United Nations special rapporteur on Toxic Wastes
- In office 1995–2004
- Preceded by: Position established
- Succeeded by: Okechukwu Ibeanu

United Nations Commission on Human Rights special rapporteur on Human Rights and the Environment
- In office 1989–1994

Personal details
- Born: Fatma Zohra Ksentini

= Fatma Zohra Ksentini =

Algerian politician

Fatma Zohra Ouhachi-Vesely (née Ksentini) is an Algerian woman who was the first United Nations special rapporteur on toxic wastes from 1995 to 2004. Prior to her position, she was a Special Rapporteur in the Sub-Commission on Prevention of Discrimination and Protection of Minorities from 1989 to 1994.

==Career==
Ksentini was part of the Sub-Commission on Prevention of Discrimination and Protection of Minorities when she was named special rapporteur on Human Rights and the Environment in 1989. For the United Nations Commission on Human Rights, she started a four-year investigation into environmental human rights in 1990. After completing her research in 1994, she submitted her findings and cosigned the Draft Declaration of Principles on Human Rights and the Environment.

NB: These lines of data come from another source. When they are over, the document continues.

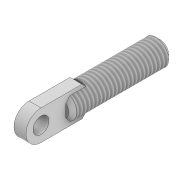
# Autodesk Inventor part: Break_Tensor
Saved by Autodesk Inventor 2020 (Build 240168000, 168)
## iProperties
Created: 2020-02-19
Part Number: Break_Tensor
Material: Generic
Document SubType Name: Modeling
Designer: Charlie
Density: 1 g/cm^3
Appearance: Default
Author: Charlie
Autodesk Inventor part; units mm, degrees
ref_plane "YZ Plane" through (0, 0, 0) normal (1, 0, 0) x (0, 1, 0)
ref_plane "XZ Plane" through (0, 0, 0) normal (0, 1, 0) x (-1, 0, 0)
ref_plane "XY Plane" through (0, 0, 0) normal (0, 0, 1) x (1, 0, 0)
sketch "Sketch1" plane through (0, 0, 0) normal (0, 0, 1) x (1, 0, 0)
  circle A0 centre (0, 0) radius 6.35
  dimension "d0" = 12.7
  constraints: 1 centre point, 1 coincident
  measures "d0" diameter of A0
extrude "Extrusion1" add sketch "Sketch1" along normal mid plane 50
sketch "Sketch2" plane through (0, 0, 25) normal (0, 0, 1) x (1, 0, 0)
  line L0 (-3, -13.1035) -> (3, -13.1035)
  line L1 (3, -13.1035) -> (3, 13.1035)
  line L2 (3, 13.1035) -> (-3, 13.1035)
  line L3 (-3, 13.1035) -> (-3, -13.1035)
  line L4 (-3, -13.1035) -> (3, 13.1035) construction
  line L5 (3, -13.1035) -> (-3, 13.1035) construction
  point P0 (0, 0)
  dimension "d3" = 6
  constraints: 12 end point, 2 midpoint, 2 parallel, 1 horizontal, 1 perpendicular
  measures "d3" distance of L2.end L1.end
extrude "Extrusion2" cut sketch "Sketch2" against normal blind 10
sketch "Sketch3" plane through (0, 0, 15) normal (0, 0, 1) x (1, 0, 0)
  line L0 (-3, -7.5) -> (3, -7.5)
  line L1 (3, -7.5) -> (3, 7.5)
  line L2 (3, 7.5) -> (-3, 7.5)
  line L3 (-3, 7.5) -> (-3, -7.5)
  line L4 (-3, -7.5) -> (3, 7.5) construction
  line L5 (3, -7.5) -> (-3, 7.5) construction
  point P0 (0, 0)
  dimension "d6" = 6
  dimension "d7" = 15
  constraints: 12 end point, 2 midpoint, 2 parallel, 1 horizontal, 1 perpendicular
  measures "d6" distance of L2.end L1.end
  measures "d7" distance of L1.end L0.end
extrude "Extrusion3" add sketch "Sketch3" along normal blind 30 separate body
fillet "Fillet1" radius 7.5 2 edges at (0, 7.5, 45) (0, -7.5, 45)
thread "Thread1" size "1/2-13 UNC" class "2A" standard "ANSI Unified Screw Threads" full length
chamfer "Chamfer1" distance 2 angle 45 1 edges at (-6.35, 0, -25)
sketch "Sketch5" plane through (-3, -7.5, 15) normal (-1, 0, 0) x (0, 0, 1)
  arc A0 (22.5, 0) -> (22.5, 15) centre (22.5, 7.5) ccw projected
  line L0 (0, 15) -> (22.5, 15) projected
  line L1 (0, 15) -> (0, 0) projected
  line L2 (0, 0) -> (22.5, 0) projected
  circle A1 centre (22.5, 7.5) radius 4
  point P0 (-15, 7.5)
  dimension "d20" = 8
  constraints: 1 centre point, 1 coincident
  measures "d20" diameter of A1
extrude "Extrusion5" cut sketch "Sketch5" against normal through all contours A1 bodies 2
chamfer "Chamfer2" distance 2 angle 45 3 edges at (-6.35, 0, 25) (5.4485, -3.2613, 25) (5.4485, 3.2613, 25)
chamfer "Chamfer3" distance 2 angle 45 2 edges at (0, -7.5, 15) (0, 7.5, 15)
body "Solid1"
body "Solid2"

In 1995, Ksentini became the United Nations Special Rapporteur on Toxic Wastes. During the beginning of her tenure, she gathered information on the health effects of disposing toxic wastes. After submitting her report in 1997, Ksentini criticized the Office of the United Nations High Commissioner for Human Rights for not providing her the necessary funding to conduct on the ground research. After being reappointed in 1998, Ksentini began developing proposals on the elimination of toxic waste disposals into developing countries. Her final term as Special Rapporteur started in 2001 and ended in 2004.

Outside of her work as Special Rapporetur, Ksentini was the chairwoman of the Working Group on Contemporary Forms of Slavery in 1991.

==Personal life==
Ksentini was married to a Mr. Ouhachi-Vesely.